Happy Birthday Harold!! 

May it be a joyous day of celebration!!


----------



## g_axelsson (Jul 14, 2017)

Happy Birthday Harold! Wherever you are.

And hey, only incinerate the candles, the cake is for eating. :wink: 

Göran


----------



## Topher_osAUrus (Jul 14, 2017)

Wishing you well Harold.
I hope that you read this and see that you are still very much on our minds, and we are still appreciative of all the wisdom you shared with us for so long.

Happy birthday


----------



## Platdigger (Jul 14, 2017)

Hey guy!
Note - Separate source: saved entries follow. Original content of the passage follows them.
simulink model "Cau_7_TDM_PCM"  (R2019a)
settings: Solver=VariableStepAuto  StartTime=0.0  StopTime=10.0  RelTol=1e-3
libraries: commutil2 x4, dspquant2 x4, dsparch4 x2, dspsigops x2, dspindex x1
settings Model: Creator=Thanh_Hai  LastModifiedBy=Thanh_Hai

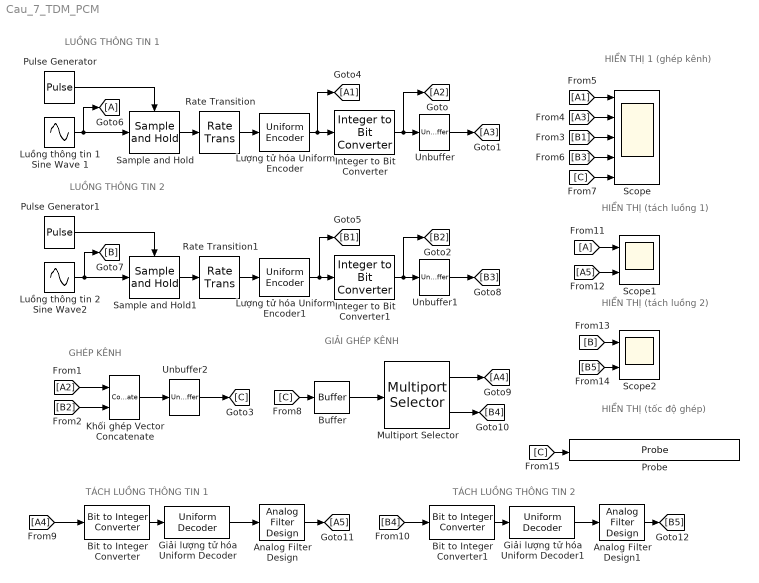
== system Cau_7_TDM_PCM ==
  note: GHÉP KÊNH
  note: LUỒNG THÔNG TIN 2
  note: HIỂN THỊ 1
      | (ghép kênh)
  note: LUỒNG THÔNG TIN 1
  note: HIỂN THỊ
      | (tách luồng 2)
  note: HIỂN THỊ
      | (tách luồng 1)
  note: GIẢI GHÉP KÊNH
  note: TÁCH LUỒNG THÔNG TIN 1
  note: TÁCH LUỒNG THÔNG TIN 2
  note: HIỂN THỊ
      | (tốc độ ghép)
  Analog Filter Design : dsparch4/Analog Filter Design  method=Butterworth  filttype=Lowpass  N=12  Wlo=2*pi*2500  Whi=80  Rp=2  Rs=40
  Analog Filter Design1 : dsparch4/Analog Filter Design  method=Butterworth  filttype=Lowpass  N=12  Wlo=2*pi*1500  Whi=80  Rp=2  Rs=40
  Bit to Integer Converter : commutil2/Bit to Integer Converter  nbits=3  bitOrder=MSB first  signedOutputValues=Unsigned  outDtype=Inherit via internal rule  outDtypeSigned=Inherit via internal rule
      settings: SourceProductName=Communications Toolbox
  Bit to Integer Converter1 : commutil2/Bit to Integer Converter  nbits=3  bitOrder=MSB first  signedOutputValues=Unsigned  outDtype=Inherit via internal rule  outDtypeSigned=Inherit via internal rule
      settings: SourceProductName=Communications Toolbox
  "Buffer " : Buffer  N=6  OutputFrames=off
  Giải lượng tử hóa Uniform Decoder : dspquant2/Uniform Decoder  peak=1  bits=3  overflowMode=Saturate  otype=Double
      settings: SourceProductName=DSP System Toolbox  SourceProductBaseCode=DS
  Giải lượng tử hóa Uniform Decoder1 : dspquant2/Uniform Decoder  peak=1  bits=3  overflowMode=Saturate  otype=Double
      settings: SourceProductName=DSP System Toolbox  SourceProductBaseCode=DS
  Integer to Bit Converter : commutil2/Integer to Bit Converter  nbits=3  signedInputValues=Unsigned  bitOrder=MSB first  outDtype=Inherit via internal rule
      settings: SourceProductName=Communications Toolbox
  Integer to Bit Converter1 : commutil2/Integer to Bit Converter  nbits=3  signedInputValues=Unsigned  bitOrder=MSB first  outDtype=Inherit via internal rule
      settings: SourceProductName=Communications Toolbox
  Khối ghép Vector Concatenate : Concatenate
  Luồng thông tin 1 Sine Wave 1 : Sin  Frequency=2*pi*2000  SampleTime=1/64000
  Luồng thông tin 2 Sine Wave2 : Sin  Frequency=2*pi*1000  SampleTime=1/64000
  Lượng tử hóa Uniform Encoder : dspquant2/Uniform Encoder  peak=1  bits=3  otype=Unsigned integer
      settings: SourceProductName=DSP System Toolbox
  Lượng tử hóa Uniform Encoder1 : dspquant2/Uniform Encoder  peak=1  bits=3  otype=Unsigned integer
      settings: SourceProductName=DSP System Toolbox
  Multiport Selector : dspindex/Multiport Selector  rowsOrCols=Rows  idxCellArray={[1 2 3],[4 5 6]}  idxErrMode=Clip Index
  "Probe " : Probe  ProbeSignalDimensions=on
  Pulse Generator : DiscretePulseGenerator  PulseType=Time based  Period=1/8000  PulseWidth=50
  Pulse Generator1 : DiscretePulseGenerator  PulseType=Time based  Period=1/8000  PulseWidth=50  PhaseDelay=1/16000
  Rate Transition : RateTransition  OutPortSampleTime=1/8000
  Rate Transition1 : RateTransition  OutPortSampleTime=1/8000
  Sample and Hold : dspsigops/Sample and Hold  trig=Rising edge  initCond=0  latchinput=off
  Sample and Hold1 : dspsigops/Sample and Hold  trig=Rising edge  initCond=0  latchinput=off
  Scope : Scope  NumInputPorts=5
  Scope1 : Scope  NumInputPorts=2
  Scope2 : Scope  NumInputPorts=2
  Unbuffer : Unbuffer
  Unbuffer1 : Unbuffer
  Unbuffer2 : Unbuffer
  wires:
  Unbuffer2/1 -> [C]
  [A1] -> Scope/1
  [A3] -> Scope/2
  Luồng thông tin 1 Sine Wave 1/1 -> [A], Sample and Hold/1
  Pulse Generator/1 -> Sample and Hold/Trigger
  Pulse Generator1/1 -> Sample and Hold1/Trigger
  Luồng thông tin 2 Sine Wave2/1 -> [B], Sample and Hold1/1
  [B1] -> Scope/3
  Sample and Hold/1 -> Rate Transition/1
  Lượng tử hóa Uniform Encoder/1 -> [A1], Integer to Bit Converter/1
  Integer to Bit Converter/1 -> [A2], Unbuffer/1
  Unbuffer/1 -> [A3]
  Lượng tử hóa Uniform Encoder1/1 -> [B1], Integer to Bit Converter1/1
  Unbuffer1/1 -> [B3]
  Sample and Hold1/1 -> Rate Transition1/1
  Integer to Bit Converter1/1 -> [B2], Unbuffer1/1
  [A2] -> Khối ghép Vector Concatenate/1
  [B2] -> Khối ghép Vector Concatenate/2
  Khối ghép Vector Concatenate/1 -> Unbuffer2/1
  Rate Transition/1 -> Lượng tử hóa Uniform Encoder/1
  Rate Transition1/1 -> Lượng tử hóa Uniform Encoder1/1
  [B3] -> Scope/4
  [C] -> Scope/5
  "Buffer "/1 -> Multiport Selector/1
  [C] -> "Buffer "/1
  Multiport Selector/1 -> [A4]
  Multiport Selector/2 -> [B4]
  Bit to Integer Converter/1 -> Giải lượng tử hóa Uniform Decoder/1
  Giải lượng tử hóa Uniform Decoder/1 -> Analog Filter Design/1
  Analog Filter Design/1 -> [A5]
  Giải lượng tử hóa Uniform Decoder1/1 -> Analog Filter Design1/1
  Bit to Integer Converter1/1 -> Giải lượng tử hóa Uniform Decoder1/1
  Analog Filter Design1/1 -> [B5]
  [A] -> Scope1/1
  [A5] -> Scope1/2
  [B] -> Scope2/1
  [B5] -> Scope2/2
  [A4] -> Bit to Integer Converter/1
  [B4] -> Bit to Integer Converter1/1
  [C] -> "Probe "/1

You and your wife have a good one!


----------



## upcyclist (Jul 14, 2017)

Happy Birthday, Harold! I hope your new year finds you happy and well!


----------



## butcher (Jul 14, 2017)

Happy Birthday Harold


----------



## FrugalRefiner (Jul 14, 2017)

Happy Birthday Harold! I hope you read this and that you're happy. It would be great to hear from you from time to time.

Dave


----------



## patnor1011 (Jul 14, 2017)

Happy Birthday Harold, many more to come. :G


----------



## everydayisalesson (Jul 15, 2017)

Oops, a day late(or more,) and a dollar short. Happy birthday Harold.


----------



## artart47 (Jul 15, 2017)

Hello! My Friend Harold.
I hope you and Susan are in good health and enjoying life. Think about you often whenever I'm on our forum reading. I've learned so much because of you and other members giving of your wisdom and time. Miss your input.
Hope you had a great birthday and will have many more!
Art.


----------